This story takes place many thousands of years ago, in the time called
the Stone Age, when people made and used stone tools. Ra is a fine
toolmaker, and his skill leads to a new way of life.

On the grassy slopes in the shelter of the wood, and just a little above
the stream, Ra’s tribe were busy making shelters for the summer, each
family building one hut. They dug away the earth of the hillside till
they got down to a solid, firm floor; then they made a framework of
branches, and stretched over it tents made of skins. There were many
skins in a tent, all carefully stitched together with overlapping edges
to keep out the wind and rain. Ra had not earned one yet—his hut would
be covered in bracken and brushwood. He looked enviously at the others.
Nearly all the huts were almost finished, but only the

Great-grandmother’s was completely ready, for everyone had to help with
hers before starting their own. Ra’s house was slowest of all because he
had nobody helping him. Among the forest tribes a boy lived with his
mother’s and grandmother’s family; but Ra’s mother had died in the snows
of the winter which was just passing, and he had not yet gathered enough
skins and bones and flint tools to buy himself a wife, and join her
family. So for the time being he was alone, and had to live in a hut by
himself.

He had scraped an earth floor out of the grassy slope. Now he was making
a ring of pliable sticks set upright in the ground all around it. He set
to work with the new bundle. First he made a hole by driving a piece of
bone into the ground with a large stone for a hammer. Then he rocked the
bone drill to and fro, pulled it out of the ground, and set the hazel
branch in the hole, wedging it firmly with a little loose earth. Soon
the ring of sticks was finished, with a gap in it for a door. Ra unwound
from his waist a long strip of leather, and reaching up he bent the
hazel branches down over his head one by one, and tied them into a
bundle with his thong.

It was getting dark now, and Ra went hastily down to the stream to find
a piece of flint in the pebbles in the water, to make himself a new axe.
There was no time now to gather bracken to cover the framework of his
hut—that would have to wait till tomorrow. He found a big heavy stone
of the right sort, and then went to one of the bright fires which now
blazed on the slope.

He bowed to the grandmother of the family, who sat between the fire and
the door-hole of the hut, in the place of honour.

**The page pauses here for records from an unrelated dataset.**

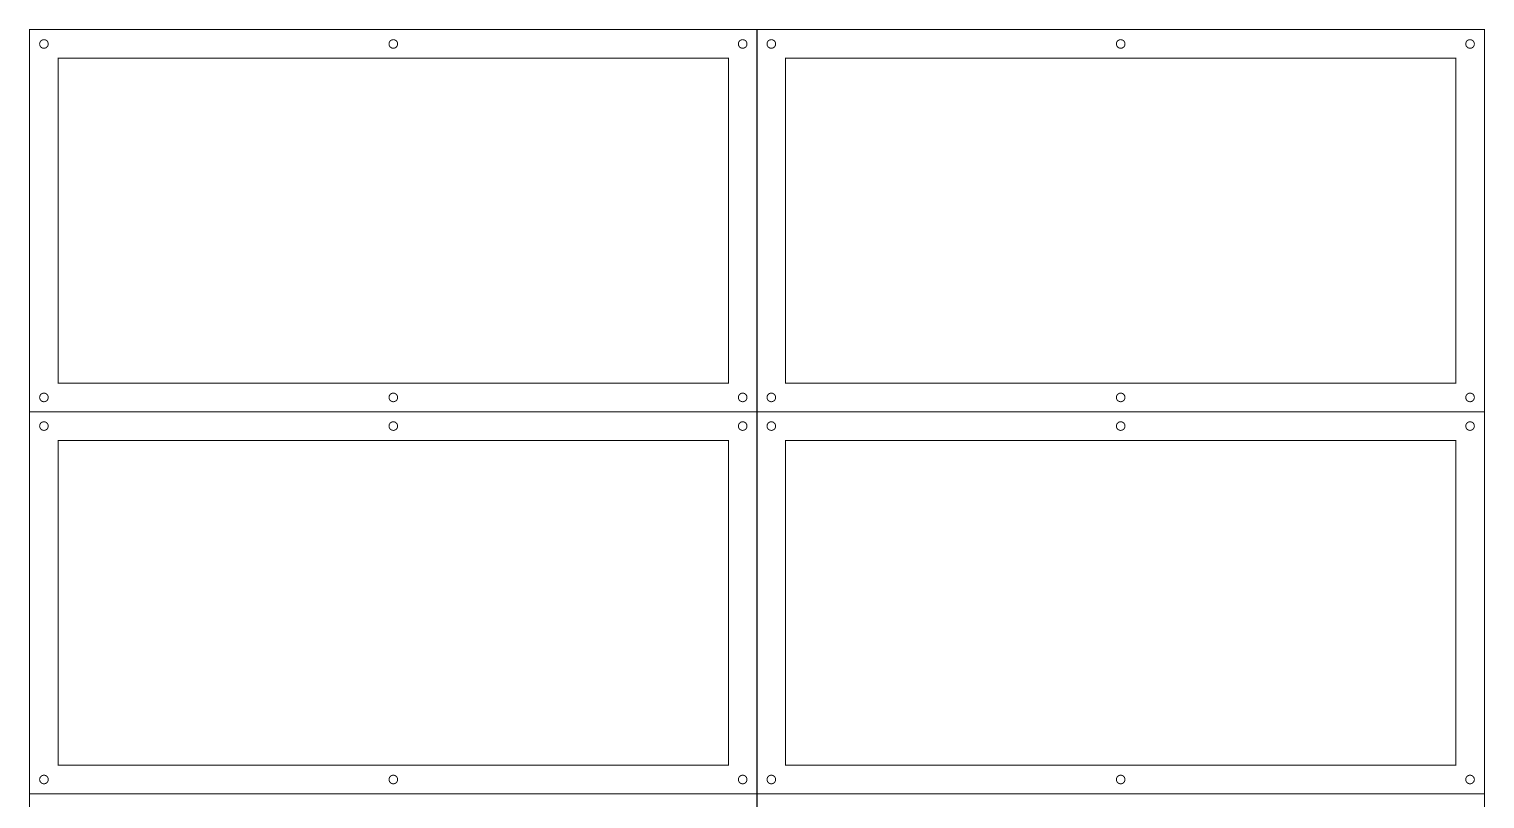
# Model space of a CAD drawing. Extents: x 0 to 508, y 0 to 534.
# Drawn here: x 0 to 508, y 265 to 534 of the extents above; entities that cross this region are included whole.
import ezdxf

# ---------------------------------------------------------------- set-up
doc = ezdxf.new("R2010")
doc.units = 0
doc.layers.get('0').update_dxf_attribs({"linetype": 'CONTINUOUS'})

msp = doc.modelspace()

# ---------------------------------------------------------------- linework, layer by layer
at = {"color": 0, "const_width": 0.35278}
for points in [[(254.176, 400.237), (0.17638, 400.237), (0.17638, 533.588), (254.176, 533.588)], [(254.176, 533.588), (254.176, 0.18669)], [(254.176, 400.237), (508.178, 400.237), (508.178, 533.588), (254.176, 533.588)], [(254.176, 266.888), (0.17638, 266.888), (0.17638, 400.237)], [(508.178, 400.237), (508.178, 133.537)], [(0.17638, 266.888), (0.17638, 133.537), (508.178, 133.537), (508.178, 0.18669), (0.17638, 0.18669), (0.17638, 133.537)], [(254.176, 266.888), (508.178, 266.888)]]:
    msp.add_lwpolyline(points, dxfattribs=at)
at = {"color": 0}
for points, const_width in [([(6.67638, 528.588), (6.67638, 528.549), (6.66862, 528.435), (6.64589, 528.285), (6.60894, 528.142), (6.55849, 528.004), (6.49533, 527.872), (6.42019, 527.749), (6.33382, 527.633), (6.23703, 527.526), (6.13049, 527.431), (6.01503, 527.343), (5.89133, 527.268), (5.76025, 527.206), (5.6224, 527.156), (5.47868, 527.118), (5.32969, 527.096), (5.21468, 527.088), (5.17638, 527.088), (5.13803, 527.088), (5.023, 527.096), (4.87408, 527.118), (4.73031, 527.156), (4.5925, 527.206), (4.46137, 527.268), (4.33768, 527.343), (4.22222, 527.431), (4.11572, 527.526), (4.01888, 527.633), (3.93251, 527.749), (3.85742, 527.872), (3.79422, 528.004), (3.74382, 528.142), (3.70682, 528.285), (3.68408, 528.435), (3.67638, 528.549), (3.67638, 528.588), (3.67638, 528.626), (3.68408, 528.74), (3.70682, 528.89), (3.74382, 529.033), (3.79422, 529.171), (3.85742, 529.303), (3.93251, 529.426), (4.01888, 529.542), (4.11572, 529.649), (4.22222, 529.744), (4.33768, 529.832), (4.46137, 529.907), (4.5925, 529.969), (4.73031, 530.019), (4.87408, 530.057), (5.023, 530.079), (5.13803, 530.088), (5.17638, 530.088), (5.21468, 530.088), (5.32969, 530.079), (5.47868, 530.057), (5.6224, 530.019), (5.76025, 529.969), (5.89133, 529.907), (6.01503, 529.832), (6.13049, 529.744), (6.23703, 529.649), (6.33382, 529.542), (6.42019, 529.426), (6.49533, 529.303), (6.55849, 529.171), (6.60894, 529.033), (6.64589, 528.89), (6.66862, 528.74), (6.67638, 528.626), (6.67638, 528.588)], 0.33333), ([(128.677, 528.588), (128.677, 528.549), (128.669, 528.435), (128.646, 528.285), (128.609, 528.142), (128.559, 528.004), (128.496, 527.872), (128.42, 527.749), (128.334, 527.633), (128.237, 527.526), (128.131, 527.431), (128.015, 527.343), (127.892, 527.268), (127.76, 527.206), (127.623, 527.156), (127.479, 527.118), (127.33, 527.096), (127.215, 527.088), (127.177, 527.088), (127.138, 527.088), (127.023, 527.096), (126.874, 527.118), (126.731, 527.156), (126.593, 527.206), (126.462, 527.268), (126.338, 527.343), (126.222, 527.431), (126.116, 527.526), (126.019, 527.633), (125.933, 527.749), (125.858, 527.872), (125.794, 528.004), (125.744, 528.142), (125.707, 528.285), (125.684, 528.435), (125.677, 528.549), (125.677, 528.588), (125.677, 528.626), (125.684, 528.74), (125.707, 528.89), (125.744, 529.033), (125.794, 529.171), (125.858, 529.303), (125.933, 529.426), (126.019, 529.542), (126.116, 529.649), (126.222, 529.744), (126.338, 529.832), (126.462, 529.907), (126.593, 529.969), (126.731, 530.019), (126.874, 530.057), (127.023, 530.079), (127.138, 530.088), (127.177, 530.088), (127.215, 530.088), (127.33, 530.079), (127.479, 530.057), (127.623, 530.019), (127.76, 529.969), (127.892, 529.907), (128.015, 529.832), (128.131, 529.744), (128.237, 529.649), (128.334, 529.542), (128.42, 529.426), (128.496, 529.303), (128.559, 529.171), (128.609, 529.033), (128.646, 528.89), (128.669, 528.74), (128.677, 528.626), (128.677, 528.588)], 0.33333), ([(250.676, 528.588), (250.676, 528.549), (250.669, 528.435), (250.646, 528.285), (250.61, 528.142), (250.558, 528.004), (250.496, 527.872), (250.421, 527.749), (250.335, 527.633), (250.237, 527.526), (250.131, 527.431), (250.015, 527.343), (249.892, 527.268), (249.761, 527.206), (249.622, 527.156), (249.479, 527.118), (249.331, 527.096), (249.215, 527.088), (249.176, 527.088), (249.139, 527.088), (249.024, 527.096), (248.875, 527.118), (248.731, 527.156), (248.593, 527.206), (248.461, 527.268), (248.338, 527.343), (248.222, 527.431), (248.117, 527.526), (248.019, 527.633), (247.933, 527.749), (247.858, 527.872), (247.794, 528.004), (247.744, 528.142), (247.707, 528.285), (247.685, 528.435), (247.676, 528.549), (247.676, 528.588), (247.676, 528.626), (247.685, 528.74), (247.707, 528.89), (247.744, 529.033), (247.794, 529.171), (247.858, 529.303), (247.933, 529.426), (248.019, 529.542), (248.117, 529.649), (248.222, 529.744), (248.338, 529.832), (248.461, 529.907), (248.593, 529.969), (248.731, 530.019), (248.875, 530.057), (249.024, 530.079), (249.139, 530.088), (249.176, 530.088), (249.215, 530.088), (249.331, 530.079), (249.479, 530.057), (249.622, 530.019), (249.761, 529.969), (249.892, 529.907), (250.015, 529.832), (250.131, 529.744), (250.237, 529.649), (250.335, 529.542), (250.421, 529.426), (250.496, 529.303), (250.558, 529.171), (250.61, 529.033), (250.646, 528.89), (250.669, 528.74), (250.676, 528.626), (250.676, 528.588)], 0.33333), ([(260.676, 528.588), (260.676, 528.549), (260.669, 528.435), (260.646, 528.285), (260.61, 528.142), (260.558, 528.004), (260.496, 527.872), (260.421, 527.749), (260.335, 527.633), (260.237, 527.526), (260.131, 527.431), (260.015, 527.343), (259.892, 527.268), (259.761, 527.206), (259.622, 527.156), (259.479, 527.118), (259.331, 527.096), (259.215, 527.088), (259.176, 527.088), (259.139, 527.088), (259.024, 527.096), (258.875, 527.118), (258.731, 527.156), (258.593, 527.206), (258.463, 527.268), (258.338, 527.343), (258.222, 527.431), (258.117, 527.526), (258.019, 527.633), (257.933, 527.749), (257.858, 527.872), (257.794, 528.004), (257.744, 528.142), (257.707, 528.285), (257.685, 528.435), (257.676, 528.549), (257.676, 528.588), (257.676, 528.626), (257.685, 528.74), (257.707, 528.89), (257.744, 529.033), (257.794, 529.171), (257.858, 529.303), (257.933, 529.426), (258.019, 529.542), (258.117, 529.649), (258.222, 529.744), (258.338, 529.832), (258.463, 529.907), (258.593, 529.969), (258.731, 530.019), (258.875, 530.057), (259.024, 530.079), (259.139, 530.088), (259.176, 530.088), (259.215, 530.088), (259.331, 530.079), (259.479, 530.057), (259.622, 530.019), (259.761, 529.969), (259.892, 529.907), (260.015, 529.832), (260.131, 529.744), (260.237, 529.649), (260.335, 529.542), (260.421, 529.426), (260.496, 529.303), (260.558, 529.171), (260.61, 529.033), (260.646, 528.89), (260.669, 528.74), (260.676, 528.626), (260.676, 528.588)], 0.33333), ([(382.676, 528.588), (382.676, 528.549), (382.669, 528.435), (382.646, 528.285), (382.61, 528.142), (382.56, 528.004), (382.496, 527.872), (382.421, 527.749), (382.335, 527.633), (382.237, 527.526), (382.131, 527.431), (382.015, 527.343), (381.892, 527.268), (381.761, 527.206), (381.624, 527.156), (381.479, 527.118), (381.331, 527.096), (381.215, 527.088), (381.176, 527.088), (381.139, 527.088), (381.024, 527.096), (380.875, 527.118), (380.731, 527.156), (380.593, 527.206), (380.463, 527.268), (380.339, 527.343), (380.222, 527.431), (380.117, 527.526), (380.019, 527.633), (379.933, 527.749), (379.858, 527.872), (379.794, 528.004), (379.744, 528.142), (379.707, 528.285), (379.685, 528.435), (379.676, 528.549), (379.676, 528.588), (379.676, 528.626), (379.685, 528.74), (379.707, 528.89), (379.744, 529.033), (379.794, 529.171), (379.858, 529.303), (379.933, 529.426), (380.019, 529.542), (380.117, 529.649), (380.222, 529.744), (380.339, 529.832), (380.463, 529.907), (380.593, 529.969), (380.731, 530.019), (380.875, 530.057), (381.024, 530.079), (381.139, 530.088), (381.176, 530.088), (381.215, 530.088), (381.331, 530.079), (381.479, 530.057), (381.624, 530.019), (381.761, 529.969), (381.892, 529.907), (382.015, 529.832), (382.131, 529.744), (382.237, 529.649), (382.335, 529.542), (382.421, 529.426), (382.496, 529.303), (382.56, 529.171), (382.61, 529.033), (382.646, 528.89), (382.669, 528.74), (382.676, 528.626), (382.676, 528.588)], 0.33333), ([(504.678, 528.588), (504.678, 528.549), (504.669, 528.435), (504.647, 528.285), (504.61, 528.142), (504.56, 528.004), (504.496, 527.872), (504.421, 527.749), (504.335, 527.633), (504.238, 527.526), (504.132, 527.431), (504.015, 527.343), (503.892, 527.268), (503.761, 527.206), (503.624, 527.156), (503.479, 527.118), (503.331, 527.096), (503.215, 527.088), (503.178, 527.088), (503.139, 527.088), (503.024, 527.096), (502.875, 527.118), (502.731, 527.156), (502.593, 527.206), (502.463, 527.268), (502.339, 527.343), (502.224, 527.431), (502.117, 527.526), (502.019, 527.633), (501.933, 527.749), (501.858, 527.872), (501.794, 528.004), (501.744, 528.142), (501.707, 528.285), (501.685, 528.435), (501.678, 528.549), (501.678, 528.588), (501.678, 528.626), (501.685, 528.74), (501.707, 528.89), (501.744, 529.033), (501.794, 529.171), (501.858, 529.303), (501.933, 529.426), (502.019, 529.542), (502.117, 529.649), (502.224, 529.744), (502.339, 529.832), (502.463, 529.907), (502.593, 529.969), (502.731, 530.019), (502.875, 530.057), (503.024, 530.079), (503.139, 530.088), (503.178, 530.088), (503.215, 530.088), (503.331, 530.079), (503.479, 530.057), (503.624, 530.019), (503.761, 529.969), (503.892, 529.907), (504.015, 529.832), (504.132, 529.744), (504.238, 529.649), (504.335, 529.542), (504.421, 529.426), (504.496, 529.303), (504.56, 529.171), (504.61, 529.033), (504.647, 528.89), (504.669, 528.74), (504.678, 528.626), (504.678, 528.588)], 0.33333), ([(10.1764, 523.588), (244.176, 523.588), (244.176, 410.237), (10.1764, 410.237), (10.1764, 523.588)], 0.35278), ([(264.176, 523.588), (498.178, 523.588), (498.178, 410.237), (264.176, 410.237), (264.176, 523.588)], 0.35278), ([(6.67638, 405.237), (6.67638, 405.199), (6.66862, 405.083), (6.64589, 404.935), (6.60894, 404.792), (6.55849, 404.653), (6.49533, 404.522), (6.42019, 404.399), (6.33382, 404.283), (6.23703, 404.176), (6.13049, 404.081), (6.01503, 403.993), (5.89133, 403.918), (5.76025, 403.856), (5.6224, 403.804), (5.47868, 403.768), (5.32969, 403.744), (5.21468, 403.737), (5.17638, 403.737), (5.13803, 403.737), (5.023, 403.744), (4.87408, 403.768), (4.73031, 403.804), (4.5925, 403.856), (4.46137, 403.918), (4.33768, 403.993), (4.22222, 404.081), (4.11572, 404.176), (4.01888, 404.283), (3.93251, 404.399), (3.85742, 404.522), (3.79422, 404.653), (3.74382, 404.792), (3.70682, 404.935), (3.68408, 405.083), (3.67638, 405.199), (3.67638, 405.237), (3.67638, 405.275), (3.68408, 405.39), (3.70682, 405.54), (3.74382, 405.683), (3.79422, 405.821), (3.85742, 405.953), (3.93251, 406.076), (4.01888, 406.192), (4.11572, 406.299), (4.22222, 406.394), (4.33768, 406.481), (4.46137, 406.557), (4.5925, 406.619), (4.73031, 406.669), (4.87408, 406.707), (5.023, 406.729), (5.13803, 406.737), (5.17638, 406.737), (5.21468, 406.737), (5.32969, 406.729), (5.47868, 406.707), (5.6224, 406.669), (5.76025, 406.619), (5.89133, 406.557), (6.01503, 406.481), (6.13049, 406.394), (6.23703, 406.299), (6.33382, 406.192), (6.42019, 406.076), (6.49533, 405.953), (6.55849, 405.821), (6.60894, 405.683), (6.64589, 405.54), (6.66862, 405.39), (6.67638, 405.275), (6.67638, 405.237)], 0.33333), ([(128.677, 405.237), (128.677, 405.199), (128.669, 405.083), (128.646, 404.935), (128.609, 404.792), (128.559, 404.653), (128.496, 404.522), (128.42, 404.399), (128.334, 404.283), (128.237, 404.176), (128.131, 404.081), (128.015, 403.993), (127.892, 403.918), (127.76, 403.856), (127.623, 403.804), (127.479, 403.768), (127.33, 403.744), (127.215, 403.737), (127.177, 403.737), (127.138, 403.737), (127.023, 403.744), (126.874, 403.768), (126.731, 403.804), (126.593, 403.856), (126.462, 403.918), (126.338, 403.993), (126.222, 404.081), (126.116, 404.176), (126.019, 404.283), (125.933, 404.399), (125.858, 404.522), (125.794, 404.653), (125.744, 404.792), (125.707, 404.935), (125.684, 405.083), (125.677, 405.199), (125.677, 405.237), (125.677, 405.275), (125.684, 405.39), (125.707, 405.54), (125.744, 405.683), (125.794, 405.821), (125.858, 405.953), (125.933, 406.076), (126.019, 406.192), (126.116, 406.299), (126.222, 406.394), (126.338, 406.481), (126.462, 406.557), (126.593, 406.619), (126.731, 406.669), (126.874, 406.707), (127.023, 406.729), (127.138, 406.737), (127.177, 406.737), (127.215, 406.737), (127.33, 406.729), (127.479, 406.707), (127.623, 406.669), (127.76, 406.619), (127.892, 406.557), (128.015, 406.481), (128.131, 406.394), (128.237, 406.299), (128.334, 406.192), (128.42, 406.076), (128.496, 405.953), (128.559, 405.821), (128.609, 405.683), (128.646, 405.54), (128.669, 405.39), (128.677, 405.275), (128.677, 405.237)], 0.33333), ([(250.676, 405.237), (250.676, 405.199), (250.669, 405.083), (250.646, 404.935), (250.61, 404.792), (250.558, 404.653), (250.496, 404.522), (250.421, 404.399), (250.335, 404.283), (250.237, 404.176), (250.131, 404.081), (250.015, 403.993), (249.892, 403.918), (249.761, 403.856), (249.622, 403.804), (249.479, 403.768), (249.331, 403.744), (249.215, 403.737), (249.176, 403.737), (249.139, 403.737), (249.024, 403.744), (248.875, 403.768), (248.731, 403.804), (248.593, 403.856), (248.461, 403.918), (248.338, 403.993), (248.222, 404.081), (248.117, 404.176), (248.019, 404.283), (247.933, 404.399), (247.858, 404.522), (247.794, 404.653), (247.744, 404.792), (247.707, 404.935), (247.685, 405.083), (247.676, 405.199), (247.676, 405.237), (247.676, 405.275), (247.685, 405.39), (247.707, 405.54), (247.744, 405.683), (247.794, 405.821), (247.858, 405.953), (247.933, 406.076), (248.019, 406.192), (248.117, 406.299), (248.222, 406.394), (248.338, 406.481), (248.461, 406.557), (248.593, 406.619), (248.731, 406.669), (248.875, 406.707), (249.024, 406.729), (249.139, 406.737), (249.176, 406.737), (249.215, 406.737), (249.331, 406.729), (249.479, 406.707), (249.622, 406.669), (249.761, 406.619), (249.892, 406.557), (250.015, 406.481), (250.131, 406.394), (250.237, 406.299), (250.335, 406.192), (250.421, 406.076), (250.496, 405.953), (250.558, 405.821), (250.61, 405.683), (250.646, 405.54), (250.669, 405.39), (250.676, 405.275), (250.676, 405.237)], 0.33333), ([(260.676, 405.237), (260.676, 405.199), (260.669, 405.083), (260.646, 404.935), (260.61, 404.792), (260.558, 404.653), (260.496, 404.522), (260.421, 404.399), (260.335, 404.283), (260.237, 404.176), (260.131, 404.081), (260.015, 403.993), (259.892, 403.918), (259.761, 403.856), (259.622, 403.804), (259.479, 403.768), (259.331, 403.744), (259.215, 403.737), (259.176, 403.737), (259.139, 403.737), (259.024, 403.744), (258.875, 403.768), (258.731, 403.804), (258.593, 403.856), (258.463, 403.918), (258.338, 403.993), (258.222, 404.081), (258.117, 404.176), (258.019, 404.283), (257.933, 404.399), (257.858, 404.522), (257.794, 404.653), (257.744, 404.792), (257.707, 404.935), (257.685, 405.083), (257.676, 405.199), (257.676, 405.237), (257.676, 405.275), (257.685, 405.39), (257.707, 405.54), (257.744, 405.683), (257.794, 405.821), (257.858, 405.953), (257.933, 406.076), (258.019, 406.192), (258.117, 406.299), (258.222, 406.394), (258.338, 406.481), (258.463, 406.557), (258.593, 406.619), (258.731, 406.669), (258.875, 406.707), (259.024, 406.729), (259.139, 406.737), (259.176, 406.737), (259.215, 406.737), (259.331, 406.729), (259.479, 406.707), (259.622, 406.669), (259.761, 406.619), (259.892, 406.557), (260.015, 406.481), (260.131, 406.394), (260.237, 406.299), (260.335, 406.192), (260.421, 406.076), (260.496, 405.953), (260.558, 405.821), (260.61, 405.683), (260.646, 405.54), (260.669, 405.39), (260.676, 405.275), (260.676, 405.237)], 0.33333), ([(382.676, 405.237), (382.676, 405.199), (382.669, 405.083), (382.646, 404.935), (382.61, 404.792), (382.56, 404.653), (382.496, 404.522), (382.421, 404.399), (382.335, 404.283), (382.237, 404.176), (382.131, 404.081), (382.015, 403.993), (381.892, 403.918), (381.761, 403.856), (381.624, 403.804), (381.479, 403.768), (381.331, 403.744), (381.215, 403.737), (381.176, 403.737), (381.139, 403.737), (381.024, 403.744), (380.875, 403.768), (380.731, 403.804), (380.593, 403.856), (380.463, 403.918), (380.339, 403.993), (380.222, 404.081), (380.117, 404.176), (380.019, 404.283), (379.933, 404.399), (379.858, 404.522), (379.794, 404.653), (379.744, 404.792), (379.707, 404.935), (379.685, 405.083), (379.676, 405.199), (379.676, 405.237), (379.676, 405.275), (379.685, 405.39), (379.707, 405.54), (379.744, 405.683), (379.794, 405.821), (379.858, 405.953), (379.933, 406.076), (380.019, 406.192), (380.117, 406.299), (380.222, 406.394), (380.339, 406.481), (380.463, 406.557), (380.593, 406.619), (380.731, 406.669), (380.875, 406.707), (381.024, 406.729), (381.139, 406.737), (381.176, 406.737), (381.215, 406.737), (381.331, 406.729), (381.479, 406.707), (381.624, 406.669), (381.761, 406.619), (381.892, 406.557), (382.015, 406.481), (382.131, 406.394), (382.237, 406.299), (382.335, 406.192), (382.421, 406.076), (382.496, 405.953), (382.56, 405.821), (382.61, 405.683), (382.646, 405.54), (382.669, 405.39), (382.676, 405.275), (382.676, 405.237)], 0.33333), ([(504.678, 405.237), (504.678, 405.199), (504.669, 405.083), (504.647, 404.935), (504.61, 404.792), (504.56, 404.653), (504.496, 404.522), (504.421, 404.399), (504.335, 404.283), (504.238, 404.176), (504.132, 404.081), (504.015, 403.993), (503.892, 403.918), (503.761, 403.856), (503.624, 403.804), (503.479, 403.768), (503.331, 403.744), (503.215, 403.737), (503.178, 403.737), (503.139, 403.737), (503.024, 403.744), (502.875, 403.768), (502.731, 403.804), (502.593, 403.856), (502.463, 403.918), (502.339, 403.993), (502.224, 404.081), (502.117, 404.176), (502.019, 404.283), (501.933, 404.399), (501.858, 404.522), (501.794, 404.653), (501.744, 404.792), (501.707, 404.935), (501.685, 405.083), (501.678, 405.199), (501.678, 405.237), (501.678, 405.275), (501.685, 405.39), (501.707, 405.54), (501.744, 405.683), (501.794, 405.821), (501.858, 405.953), (501.933, 406.076), (502.019, 406.192), (502.117, 406.299), (502.224, 406.394), (502.339, 406.481), (502.463, 406.557), (502.593, 406.619), (502.731, 406.669), (502.875, 406.707), (503.024, 406.729), (503.139, 406.737), (503.178, 406.737), (503.215, 406.737), (503.331, 406.729), (503.479, 406.707), (503.624, 406.669), (503.761, 406.619), (503.892, 406.557), (504.015, 406.481), (504.132, 406.394), (504.238, 406.299), (504.335, 406.192), (504.421, 406.076), (504.496, 405.953), (504.56, 405.821), (504.61, 405.683), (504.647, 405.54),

“Is there room beside your fire, mother?” he asked her.

“Sit Ra, there is room,” she said. Ra sat down a

little way outside the family circle, and began to make his new axe,
working in the firelight where it fell between the shadows of Brun and
Mi, a boy and girl only a little older than Ra. First Ra broke his stone
in two against the ground. Then he chose the better half, and wedged it
firmly against his bent knee on the ground. Then he took from his
leather pouch a short piece of the leg bone of a stag, and placing one
end against the axe stone, first here, and then there, he struck the
other end with the rejected half of the stone, making flakes of flint
fly off in all directions.

Ra was good at making axes, but the light was poor, and he bent closely
over his work. Even so he could feel that someone was watching him. Ra
glanced up,

hoping it was Mi, and his eyes met those of Yul. Yul was a grown man,
tall and strong, some said the best hunter in the tribe. And he had
hunted with Ra’s father long ago. Ra was in awe of him; he looked away
quickly. When he had finished his axe he stood up to go.

“May the hunt be good tomorrow to those who shared fire with me
tonight,” he said.

In his own unfinished house he lay down to sleep. There was nothing else
to do, for the day had gone in travelling, and in hut making, there had
been no time to hunt, and so there was nothing to eat. Ra was used to
going to bed with an empty stomach, but all winter he had slept in a
deep cave in the distant hills, and he was not used to sleeping in the
open. The year had only just begun to turn warmer, and the leaves were
scarcely breaking bud on the trees when the Great-grandmother had moved
them out of the caves. It was still sharply cold, and a wind swept the
sloping glade. Shivering, Ra wished he had finished his house. Through
the web of sticks over his head he could see the cold stars—the
distant camp fires of the spirit folk who hunt the moon.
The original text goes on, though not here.